Would you mind not shooting at the thermonuclear weapon? US Air Force pilots Vic Deakins (John Travolta) and Riley Hale (Christian Slater) are sent on an overnight top-secret mission with two nuclear weapons aboard their aircraft. But, after they are in the air, Deakins changes the plan. He attempts to kill Hale and then steals the weapons with the intent of selling them to terrorists led by financier Pritchett (Bob Gunton). However, Hale survives the crash and meets up with park ranger Terry Carmichael (Samantha Mathis) who initially misreads the situation and tries to arrest him.

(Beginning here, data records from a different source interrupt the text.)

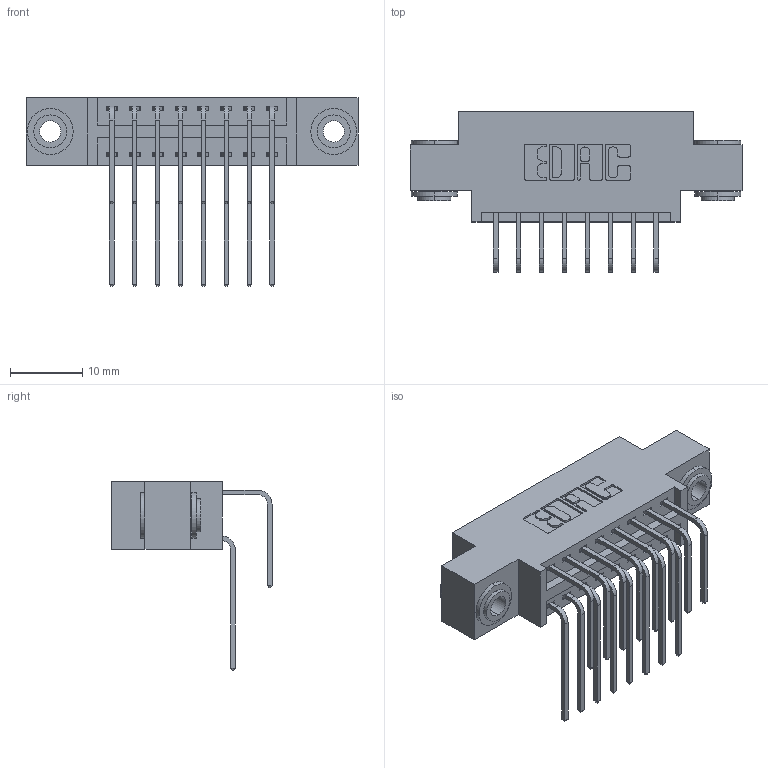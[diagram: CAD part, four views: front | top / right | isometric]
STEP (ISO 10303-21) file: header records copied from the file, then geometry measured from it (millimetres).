
FILE_DESCRIPTION (( 'STEP AP203' ), '1' );
FILE_NAME ('396-016-558-803.STEP', '2019-11-02T13:58:09', ( '' ), ( '' ), 'SwSTEP 2.0', 'SolidWorks 2016', '' );
FILE_SCHEMA (( 'CONFIG_CONTROL_DESIGN' ));
Length unit declared in the file: inch
Products named in the file (5): 345-250-002_345-250-002-102; 345-292-001_558 Tail - 2; 346 Part_0.170 Offset - 0.156 Dia-TH; 396-016-558-803; 345-292-001_558 559 Tail - 1
Assembly tree (19 placements, depth 2):
  396-016-558-803
    346 Part_0.170 Offset - 0.156 Dia-TH
    345-292-001_558 559 Tail - 1  x8
    345-292-001_558 Tail - 2  x8
    345-250-002_345-250-002-102  x2
Bounding box: 45.97 x 22.16 x 26.16 mm (x, y, z)
Volume: 4176 mm3; surface area: 6042.5 mm2
Topology: 19 solids, 19 shells, 1028 faces, 2993 edges, 1970 vertices
Faces by surface type: plane 682, cylinder 338, cone 8
Entity records: 12364 total; most frequent: CARTESIAN_POINT 2114, ORIENTED_EDGE 1990, DIRECTION 1917, EDGE_CURVE 995, VECTOR 767, LINE 767, VERTEX_POINT 658, AXIS2_PLACEMENT_3D 575
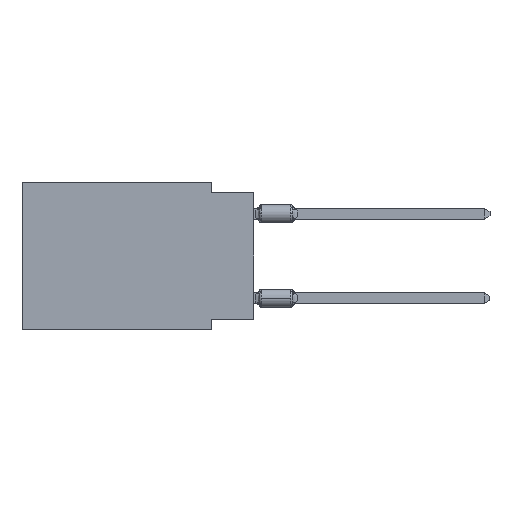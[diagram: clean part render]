
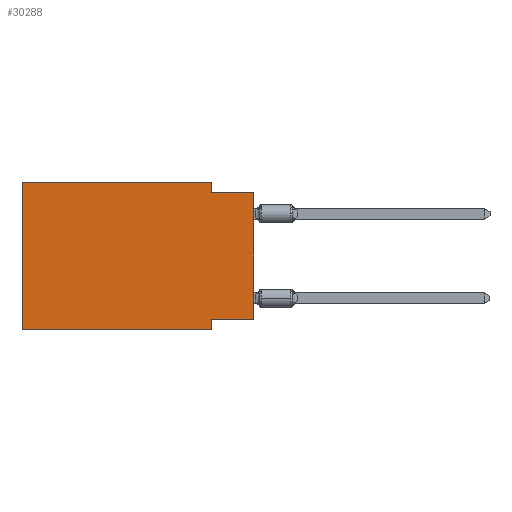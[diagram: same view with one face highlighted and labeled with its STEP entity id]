
A CAD part, left-side view. The second image highlights one B-rep face of the part: STEP entity #30288.
In plain terms, the highlighted planar face has unit normal (-1, 0, 0).
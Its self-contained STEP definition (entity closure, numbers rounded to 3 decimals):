
#295 = CARTESIAN_POINT ( 'NONE',  ( 0., 13.97, -8.89 ) ) ;
#529 = CARTESIAN_POINT ( 'NONE',  ( 0., 2.54, -8.255 ) ) ;
#944 = CARTESIAN_POINT ( 'NONE',  ( 0., 2.54, -0.635 ) ) ;
#1805 = ORIENTED_EDGE ( 'NONE', *, *, #17279, .F. ) ;
#2687 = ORIENTED_EDGE ( 'NONE', *, *, #29771, .T. ) ;
#2751 = EDGE_CURVE ( 'NONE', #24350, #24675, #26310, .T. ) ;
#3460 = ORIENTED_EDGE ( 'NONE', *, *, #15688, .F. ) ;
#3511 = CARTESIAN_POINT ( 'NONE',  ( 0., 2.54, 0. ) ) ;
#3744 = LINE ( 'NONE', #3894, #4236 ) ;
#3759 = DIRECTION ( 'NONE',  ( 1., 0., 0. ) ) ;
#3894 = CARTESIAN_POINT ( 'NONE',  ( 0., 0., -8.255 ) ) ;
#4079 = EDGE_CURVE ( 'NONE', #9515, #24675, #8450, .T. ) ;
#4236 = VECTOR ( 'NONE', #10988, 1000. ) ;
#4338 = LINE ( 'NONE', #23301, #8752 ) ;
#4479 = LINE ( 'NONE', #23290, #27815 ) ;
#6601 = CARTESIAN_POINT ( 'NONE',  ( 0., 0., -0.635 ) ) ;
#8043 = VERTEX_POINT ( 'NONE', #9249 ) ;
#8191 = CARTESIAN_POINT ( 'NONE',  ( 0., 13.97, 0. ) ) ;
#8256 = CARTESIAN_POINT ( 'NONE',  ( 0., 13.97, -8.89 ) ) ;
#8450 = LINE ( 'NONE', #26802, #25742 ) ;
#8689 = VECTOR ( 'NONE', #28089, 1000. ) ;
#8752 = VECTOR ( 'NONE', #20379, 1000. ) ;
#9065 = CARTESIAN_POINT ( 'NONE',  ( 0., 2.54, -8.89 ) ) ;
#9249 = CARTESIAN_POINT ( 'NONE',  ( 0., 13.97, 0. ) ) ;
#9353 = VERTEX_POINT ( 'NONE', #11484 ) ;
#9515 = VERTEX_POINT ( 'NONE', #529 ) ;
#10062 = VERTEX_POINT ( 'NONE', #944 ) ;
#10356 = DIRECTION ( 'NONE',  ( 0., 0., 1. ) ) ;
#10680 = EDGE_LOOP ( 'NONE', ( #2687, #24587, #23257, #3460, #1805, #17842, #24897, #17027 ) ) ;
#10815 = LINE ( 'NONE', #8191, #26051 ) ;
#10988 = DIRECTION ( 'NONE',  ( 0., 1., 0. ) ) ;
#11484 = CARTESIAN_POINT ( 'NONE',  ( 0., 0., -8.255 ) ) ;
#12916 = DIRECTION ( 'NONE',  ( 0., 0., -1. ) ) ;
#13144 = EDGE_CURVE ( 'NONE', #10062, #14568, #30045, .T. ) ;
#14027 = DIRECTION ( 'NONE',  ( 0., 0., 1. ) ) ;
#14568 = VERTEX_POINT ( 'NONE', #20528 ) ;
#15484 = FACE_OUTER_BOUND ( 'NONE', #10680, .T. ) ;
#15688 = EDGE_CURVE ( 'NONE', #8043, #27593, #4338, .T. ) ;
#17027 = ORIENTED_EDGE ( 'NONE', *, *, #26807, .F. ) ;
#17279 = EDGE_CURVE ( 'NONE', #24350, #8043, #10815, .T. ) ;
#17647 = PLANE ( 'NONE',  #29297 ) ;
#17842 = ORIENTED_EDGE ( 'NONE', *, *, #2751, .T. ) ;
#18202 = VECTOR ( 'NONE', #25441, 1000. ) ;
#18981 = LINE ( 'NONE', #19135, #8689 ) ;
#19135 = CARTESIAN_POINT ( 'NONE',  ( 0., 2.54, 0. ) ) ;
#19806 = DIRECTION ( 'NONE',  ( 0., 0., -1. ) ) ;
#19867 = VECTOR ( 'NONE', #29677, 1000. ) ;
#20379 = DIRECTION ( 'NONE',  ( 0., -1., 0. ) ) ;
#20528 = CARTESIAN_POINT ( 'NONE',  ( 0., 0., -0.635 ) ) ;
#23257 = ORIENTED_EDGE ( 'NONE', *, *, #26915, .F. ) ;
#23290 = CARTESIAN_POINT ( 'NONE',  ( 0., 0., 0. ) ) ;
#23301 = CARTESIAN_POINT ( 'NONE',  ( 0., 13.97, 0. ) ) ;
#24350 = VERTEX_POINT ( 'NONE', #295 ) ;
#24587 = ORIENTED_EDGE ( 'NONE', *, *, #13144, .F. ) ;
#24675 = VERTEX_POINT ( 'NONE', #9065 ) ;
#24897 = ORIENTED_EDGE ( 'NONE', *, *, #4079, .F. ) ;
#25441 = DIRECTION ( 'NONE',  ( 0., -1., 0. ) ) ;
#25742 = VECTOR ( 'NONE', #12916, 1000. ) ;
#26051 = VECTOR ( 'NONE', #10356, 1000. ) ;
#26310 = LINE ( 'NONE', #8256, #19867 ) ;
#26802 = CARTESIAN_POINT ( 'NONE',  ( 0., 2.54, -8.89 ) ) ;
#26807 = EDGE_CURVE ( 'NONE', #9353, #9515, #3744, .T. ) ;
#26915 = EDGE_CURVE ( 'NONE', #27593, #10062, #18981, .T. ) ;
#27593 = VERTEX_POINT ( 'NONE', #3511 ) ;
#27815 = VECTOR ( 'NONE', #14027, 1000. ) ;
#28089 = DIRECTION ( 'NONE',  ( 0., 0., -1. ) ) ;
#29297 = AXIS2_PLACEMENT_3D ( 'NONE', #29658, #3759, #19806 ) ;
#29658 = CARTESIAN_POINT ( 'NONE',  ( 0., 13.97, 0. ) ) ;
#29677 = DIRECTION ( 'NONE',  ( 0., -1., 0. ) ) ;
#29771 = EDGE_CURVE ( 'NONE', #9353, #14568, #4479, .T. ) ;
#30045 = LINE ( 'NONE', #6601, #18202 ) ;
#30288 = ADVANCED_FACE ( 'NONE', ( #15484 ), #17647, .F. ) ;

Together they try to thwart Deakins’ plan as Government man Giles Prentice (Frank Whaley) and Colonel Max Wilkins (Delroy Lindo) try to uncover what is going on in the desert – while a murderously ruthless chase ensues… John Woo’s second American film tones down his trademark stylistic elements but it has non-stop action, great effects, some terrific explosions and would have been improved by introducing some complexity into the screenplay, by Graham Yost, which mostly sets up sequence after sequence of shoot-em-ups, blow-em-ups and kill-em-ups in beautiful desert locations shot by Peter Levy, finishing with a face off between these terribly charismatic co-stars in a symphony of action that takes place on trains, boats, planes, helicopters and Hummers. It all culminates in a fiery conflagration and Travolta literally burns up the screen.  There’s no difference between you and a guy who shoots up a schoolyard.  You’ve both got a head full of bad wiring

The Spiral Staircase (1945)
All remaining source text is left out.